It was treated as a big upset but shouldn't have been. Daniel Cormier, subbing for the "injured" Alestair Overeem, knocked out Antonio Silva in the first round in the Strikeforce heavyweight tournament semifinals. As expected, Josh Barnett advanced after smothering Sergei Kharitonov in the other semi-final.
Cormier was only 8-0 but in all likelihood was the 2nd best heavyweight in the world coming into the bout. He trains with the probable #1, UFC champion Cain Velasquez. And just as Velasquez beat Brock Lesnar the way a prime Fedor Emelianenko would have, so did Cormier handle Silva. Of course, Fedor lost to Silva by fighting stupid—ignoring the man's fists and size.
Cormier, however, had respect for Silva's punching power and, when the fight went to the ground, he didn't try a lot from inside Silva's guard, instead deciding to let Silva up for more standup fighting. Cormier avoided Silva's rushes and punches early, unlike Fedor who basically tried to ignore them.

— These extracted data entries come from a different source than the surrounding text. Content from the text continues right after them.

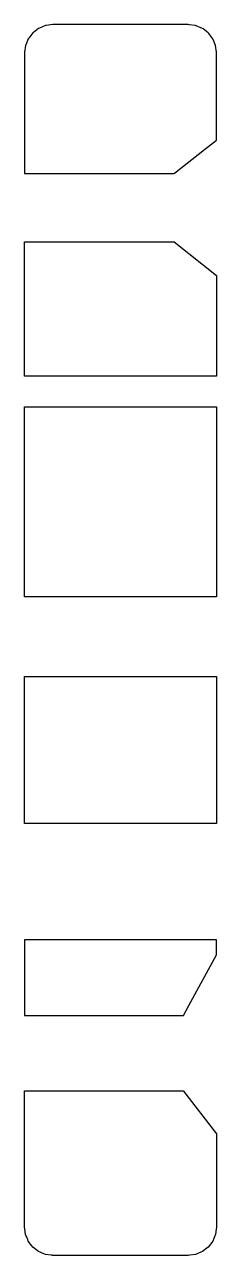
# Model space of a CAD drawing. Header units: metres. Extents: x 2.4 to 16, y -16 to 71.
import ezdxf

# ---------------------------------------------------------------- set-up
doc = ezdxf.new("R2010")
doc.units = ezdxf.units.M

msp = doc.modelspace()

# ---------------------------------------------------------------- linework, layer by layer
for p, q in [((3.4, 70.722), (3.033, 70.44)), ((3.454, 70.744), (3.4, 70.722)), ((3.882, 70.921), (3.454, 70.744)), ((3.94, 70.929), (3.882, 70.921)), ((4.4, 70.989), (3.94, 70.929)), ((5.469, 70.989), (4.4, 70.989)), ((14, 70.989), (5.469, 70.989)), ((14.058, 70.982), (14, 70.989)), ((14.518, 70.921), (14.058, 70.982)), ((14.572, 70.899), (14.518, 70.921)), ((15, 70.722), (14.572, 70.899)), ((15.048, 70.685), (15, 70.722)), ((15.414, 70.404), (15.048, 70.685)), ((2.668, 69.989), (2.492, 69.565)), ((2.705, 70.037), (2.668, 69.989)), ((2.986, 70.404), (2.705, 70.037)), ((3.033, 70.44), (2.986, 70.404)), ((15.452, 70.354), (15.414, 70.404)), ((15.732, 69.989), (15.452, 70.354)), ((15.757, 69.93), (15.732, 69.989)), ((15.932, 69.507), (15.757, 69.93)), ((2.408, 69.053), (2.4, 68.989)), ((2.4, 68.989), (2.4, 63.225)), ((2.468, 69.507), (2.408, 69.053)), ((2.492, 69.565), (2.468, 69.507)), ((15.992, 69.053), (15.932, 69.507)), ((16, 68.989), (15.992, 69.053)), ((16, 66.381), (16, 68.989)), ((16, 62.833), (16, 66.381)), ((2.4, 63.225), (2.4, 60.482)), ((15.155, 62.174), (16, 62.833)), ((16, 62.833), (16, 62.833)), ((13.029, 60.49), (15.155, 62.174)), ((2.4, 60.482), (2.4, 60.474)), ((2.4, 60.474), (2.4, 60.471)), ((2.4, 60.471), (2.4, 60.47)), ((2.4, 60.47), (2.4, 60.466)), ((2.4, 60.466), (12.956, 60.466)), ((12.956, 60.466), (13, 60.466)), ((13, 60.466), (13.006, 60.471)), ((13.006, 60.471), (13.029, 60.49)), ((2.4, 54.308), (2.4, 55.638)), ((2.4, 55.638), (2.444, 55.638)), ((2.444, 55.638), (13, 55.638)), ((13, 55.638), (13.009, 55.631)), ((13.009, 55.631), (16, 53.26)), ((2.4, 50.227), (2.4, 54.308)), ((16, 53.26), (16, 52.234)), ((16, 53.26), (16, 53.26)), ((16, 52.234), (16, 46.138)), ((2.4, 46.138), (2.4, 50.227)), ((12.589, 46.138), (2.4, 46.138)), ((16, 46.138), (12.589, 46.138)), ((2.4, 40.428), (2.4, 43.967)), ((2.4, 43.967), (5.811, 43.967)), ((5.811, 43.967), (16, 43.967)), ((16, 43.967), (16, 37.478)), ((16, 43.967), (16, 43.967)), ((2.4, 37.478), (2.4, 40.428)), ((2.4, 35.917), (2.4, 37.478)), ((16, 37.478), (16, 33.574)), ((2.4, 33.574), (2.4, 35.917)), ((2.4, 31.894), (2.4, 33.574)), ((16, 33.574), (16, 30.55)), ((2.4, 30.55), (2.4, 31.894)), ((7.149, 30.55), (2.4, 30.55)), ((16, 30.55), (7.149, 30.55)), ((2.4, 23.264), (2.4, 24.914)), ((2.4, 24.914), (11.251, 24.914)), ((11.251, 24.914), (16, 24.914)), ((16, 24.914), (16, 21.89)), ((16, 24.914), (16, 24.914)), ((2.4, 21.89), (2.4, 23.264)), ((2.4, 18.943), (2.4, 21.89)), ((16, 21.89), (16, 15.841)), ((2.4, 14.962), (2.4, 18.943)), ((16, 15.841), (16, 14.962)), ((2.4, 14.762), (2.4, 14.962)), ((16, 14.962), (16, 14.522)), ((2.4, 14.522), (2.4, 14.762)), ((15.309, 14.522), (2.4, 14.522)), ((16, 14.522), (15.309, 14.522)), ((3.091, 6.301), (2.4, 6.301)), ((2.4, 6.301), (2.4, 6.103)), ((2.4, 6.103), (2.4, 5.353)), ((16, 6.301), (3.091, 6.301)), ((16, 6.054), (16, 6.301)), ((2.4, 5.353), (2.4, 0.961)), ((14.044, 1.671), (16, 5.249)), ((16, 5.249), (16, 6.054)), ((16, 5.249), (16, 5.249)), ((2.4, 0.961), (6.496, 0.961)), ((6.496, 0.961), (13.656, 0.961)), ((13.656, 0.961), (14.044, 1.671)), ((2.4, -4.37), (2.4, -4.361)), ((2.4, -4.361), (2.509, -4.361)), ((2.4, -4.372), (2.4, -4.37)), ((2.4, -4.376), (2.4, -4.372)), ((2.4, -4.385), (2.4, -4.376)), ((2.4, -6.341), (2.4, -4.385)), ((2.509, -4.361), (13.656, -4.361)), ((13.656, -4.361), (13.664, -4.371)), ((13.664, -4.371), (13.672, -4.382)), ((13.672, -4.382), (16, -7.398)), ((2.4, -7.539), (2.4, -6.341)), ((2.4, -8.25), (2.4, -7.539)), ((16, -7.398), (16, -7.744)), ((16, -7.744), (16, -9.437)), ((2.4, -8.631), (2.4, -8.25)), ((2.4, -13.96), (2.4, -8.631)), ((16, -9.437), (16, -9.451)), ((16, -9.451), (16, -10.307)), ((16, -10.307), (16, -10.75)), ((16, -10.75), (16, -14)), ((2.4, -14), (2.4, -13.96)), ((2.416, -14.12), (2.4, -14)), ((2.468, -14.518), (2.416, -14.12)), ((2.621, -14.888), (2.468, -14.518)), ((15.887, -14.625), (15.732, -15)), ((15.932, -14.518), (15.887, -14.625)), ((15.985, -14.116), (15.932, -14.518)), ((15.998, -14.029), (15.985, -14.116)), ((16, -14), (15.998, -14.029)), ((2.668, -15), (2.621, -14.888)), ((2.621, -14.888), (2.621, -14.888)), ((2.912, -15.318), (2.668, -15)), ((2.986, -15.414), (2.912, -15.318)), ((3.304, -15.658), (2.986, -15.414)), ((3.4, -15.732), (3.304, -15.658)), ((15.322, -15.485), (15, -15.732)), ((15.414, -15.414), (15.322, -15.485)), ((15.661, -15.093), (15.414, -15.414)), ((15.732, -15), (15.661, -15.093)), ((3.77, -15.885), (3.4, -15.732)), ((3.882, -15.932), (3.77, -15.885)), ((4.28, -15.984), (3.882, -15.932)), ((4.34, -15.992), (4.28, -15.984)), ((4.373, -15.998), (4.34, -15.992)), ((4.4, -16), (4.373, -15.998)), ((5.472, -16), (4.4, -16)), ((14, -16), (5.472, -16)), ((14.116, -15.985), (14, -16)), ((14.518, -15.932), (14.116, -15.985)), ((14.892, -15.777), (14.518, -15.932)), ((15, -15.732), (14.892, -15.777))]:
    msp.add_line(p, q)

doc.saveas('drawing.dxf')

Now Cormier, an olympic caliber wrestler, is nearly as good at standup fighting. In other words he's a lot like Velasquez, another superb wrestler who has great standup skills. Both men have incredible speed, and that speed was the difference against Silva. Silva's punches are big but slow and telegraphed, while Cormier has the speed of the old Fedor. He's also built a lot like Fedor, with a big of extra padding around the waist, but that doesn't mean he's not explosive.
Barnett, after several positive steroid tests over his career, looks like he's finally kicked the habit judging by his new, less bulky physique. Either that or he's cycling down a lot sooner before the tests as he fights in America rather than Japan where they like their fighters juiced up. But he looks so much smaller I'd wager he's off the stuff for good.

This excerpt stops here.